The present method permits isolation of smooth muscle cells from a single cremasteric arteriole. These cells seem to retain the contractile phenotype, alpha-adrenergic signaling cascade, membrane potential, and K+ conductances described for the donor arteriole. Correlating the functional and electrophysiological properties of these smooth muscle cells to in situ and in vitro studies of their donor arterioles should provide a useful extension for understanding the physiology, pathophysiology, biophysics, and cell biology of the microcirculation in skeletal muscle.
本研究的目的是开发一种从单个提睾肌小动脉中分离出有活力的小动脉肌细胞的方法,这些细胞保留供体微血管的收缩和电生理表型。
从小鼠和大鼠的提睾肌中手工分离出小动脉,在含有100微摩尔/升钙离子、10微摩尔/升硝普钠和1毫克/毫升白蛋白的溶液中,于37℃下,先在木瓜蛋白酶和二硫苏糖醇中孵育35分钟,然后在胶原酶、弹性蛋白酶和大豆胰蛋白酶抑制剂中孵育10至25分钟,使其解离。
从提睾肌小动脉中酶解分离出的单个平滑肌细胞群体呈现出细长的梭形形态,质膜完整,这通过钙黄绿素的保留、乙锭同二聚体-1的排除以及高膜电阻得以证明(大鼠细胞的膜电阻为11±0.8千兆欧,n = 36;仓鼠细胞的膜电阻为8±0.6千兆欧,n = 21:p < 0.05)。通过移液管施加去甲肾上腺素(10纳摩尔至100微摩尔),肌细胞以浓度依赖的方式收缩。
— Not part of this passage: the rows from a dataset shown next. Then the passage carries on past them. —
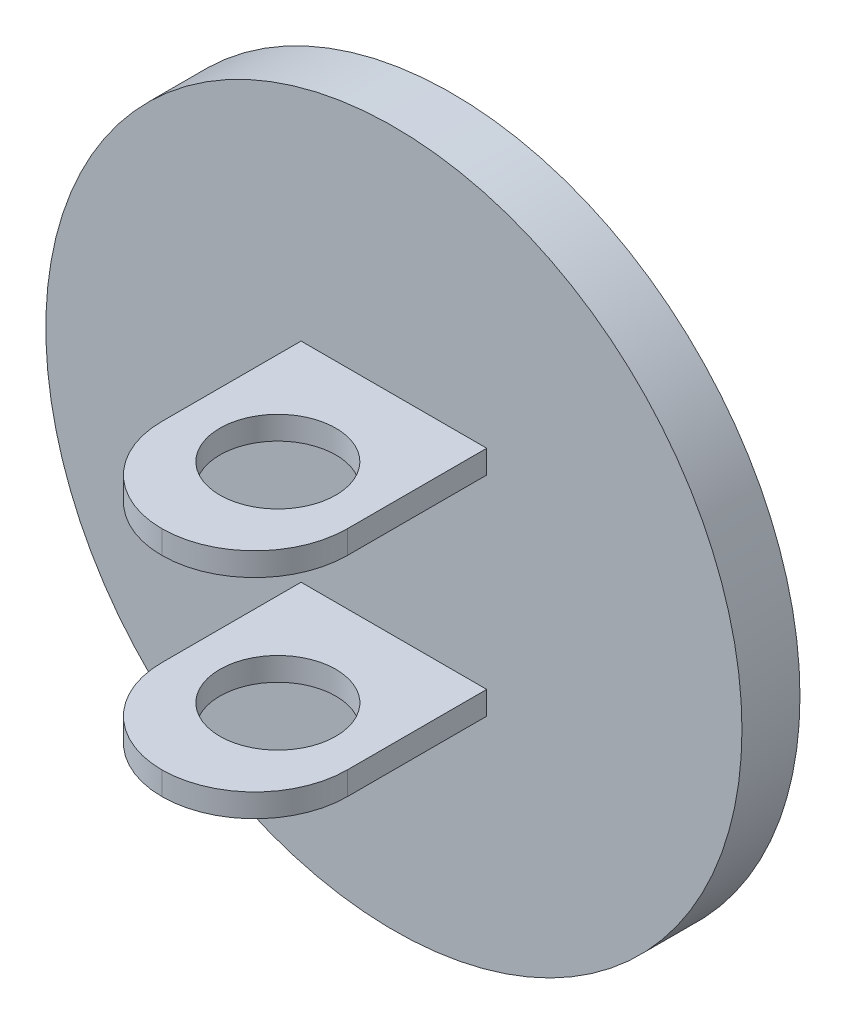
SolidWorks part; units mm, degrees
ref_plane "Front Plane" through (0, 0, 0) normal (0, 0, 1) x (1, 0, 0)
ref_plane "Top Plane" through (0, 0, 0) normal (0, 1, 0) x (1, 0, 0)
ref_plane "Right Plane" through (0, 0, 0) normal (1, 0, 0) x (0, 0, -1)
sketch "Sketch1" plane through (0, 0, 0) normal (0, 0, 1) x (1, 0, 0)
  circle A0 centre (0, 0) radius 25
  dimension "D1" = 50
extrude "Boss-Extrude1" add sketch "Sketch1" along normal blind 35
sketch "Sketch2" plane through (0, 0, 35) normal (0, 0, 1) x (1, 0, 0)
  circle A0 centre (0, 0) radius 150
  dimension "D1" = 300
extrude "Boss-Extrude2" add sketch "Sketch2" along normal blind 25
sketch "Sketch3" plane through (0, 0, 60) normal (0, 0, 1) x (1, 0, 0)
  line L1 (-40, 50) -> (40, 50)
  line L2 (-40, 50) -> (-40, -50)
  line L3 (-40, -50) -> (40, -50)
  line L4 (40, 50) -> (40, -50)
  line L5 (-40, 50) -> (40, -50) construction
  line L6 (-40, -50) -> (40, 50) construction
  line L7 (-40, 40) -> (40, 40)
  line L8 (-40, 40) -> (-40, -40)
  line L9 (-40, -40) -> (40, -40)
  line L10 (40, 40) -> (40, -40)
  line L11 (-40, 40) -> (40, -40) construction
  line L12 (-40, -40) -> (40, 40) construction
  point P0 (0, 0)
  point P6 (0, 0)
  dimension "D1" = 100
  dimension "D2" = 80
  dimension "D3" = 80
extrude "Boss-Extrude3" add sketch "Sketch3" along normal blind 100 contours L9 L2 L3 L4 | L2 L7 L4 L1 region at (0, 45, 60) region at (0, -45, 60)
sketch "Sketch4" plane through (0, -50, 0) normal (0, -1, 0) x (1, 0, 0)
  line L0 (0, 160) -> (0, 60) construction
  line L1 (-40, 160) -> (40, 160) construction
  line L2 (150, 60) -> (-150, 60) construction
  circle A0 centre (0, 110) radius 25
  dimension "D1" = 50
extrude "Cut-Extrude1" cut sketch "Sketch4" against normal through all
fillet "Fillet1" radius 40 4 edges at (40, -45, 160) (40, 45, 160) (-40, 45, 160) (-40, -45, 160)

10微摩尔酚妥拉明、1微摩尔硝普钠、1微摩尔硝苯地平或无钙培养基可抑制细胞对1微摩尔去甲肾上腺素的缩短反应。通过穿孔膜片钳方法记录的膜片钳细胞的静息膜电位,大鼠细胞为-48±1毫伏(n = 47),仓鼠细胞为-44±2.8毫伏(n = 14)(p > 0.05)。在从-60毫伏到更正电位的逐步去极化脉冲期间,观察到电压依赖性钾电流家族。电压门控钾通道和ATP敏感性钾通道的阻滞剂(分别为3毫摩尔4-氨基吡啶和1微摩尔格列本脲)抑制膜钾电导,增加膜电阻,并使细胞分别去极化20±4毫伏(n = 8)和14±3毫伏(n = 6)。
本方法允许从单个提睾肌小动脉中分离出平滑肌细胞。这些细胞似乎保留了供体小动脉所描述的收缩表型、α-肾上腺素能信号级联、膜电位和钾电导。将这些平滑肌细胞的功能和电生理特性与其供体小动脉的原位和体外研究相关联,应该为理解骨骼肌微循环的生理学、病理生理学、生物物理学和细胞生物学提供一个有用的扩展。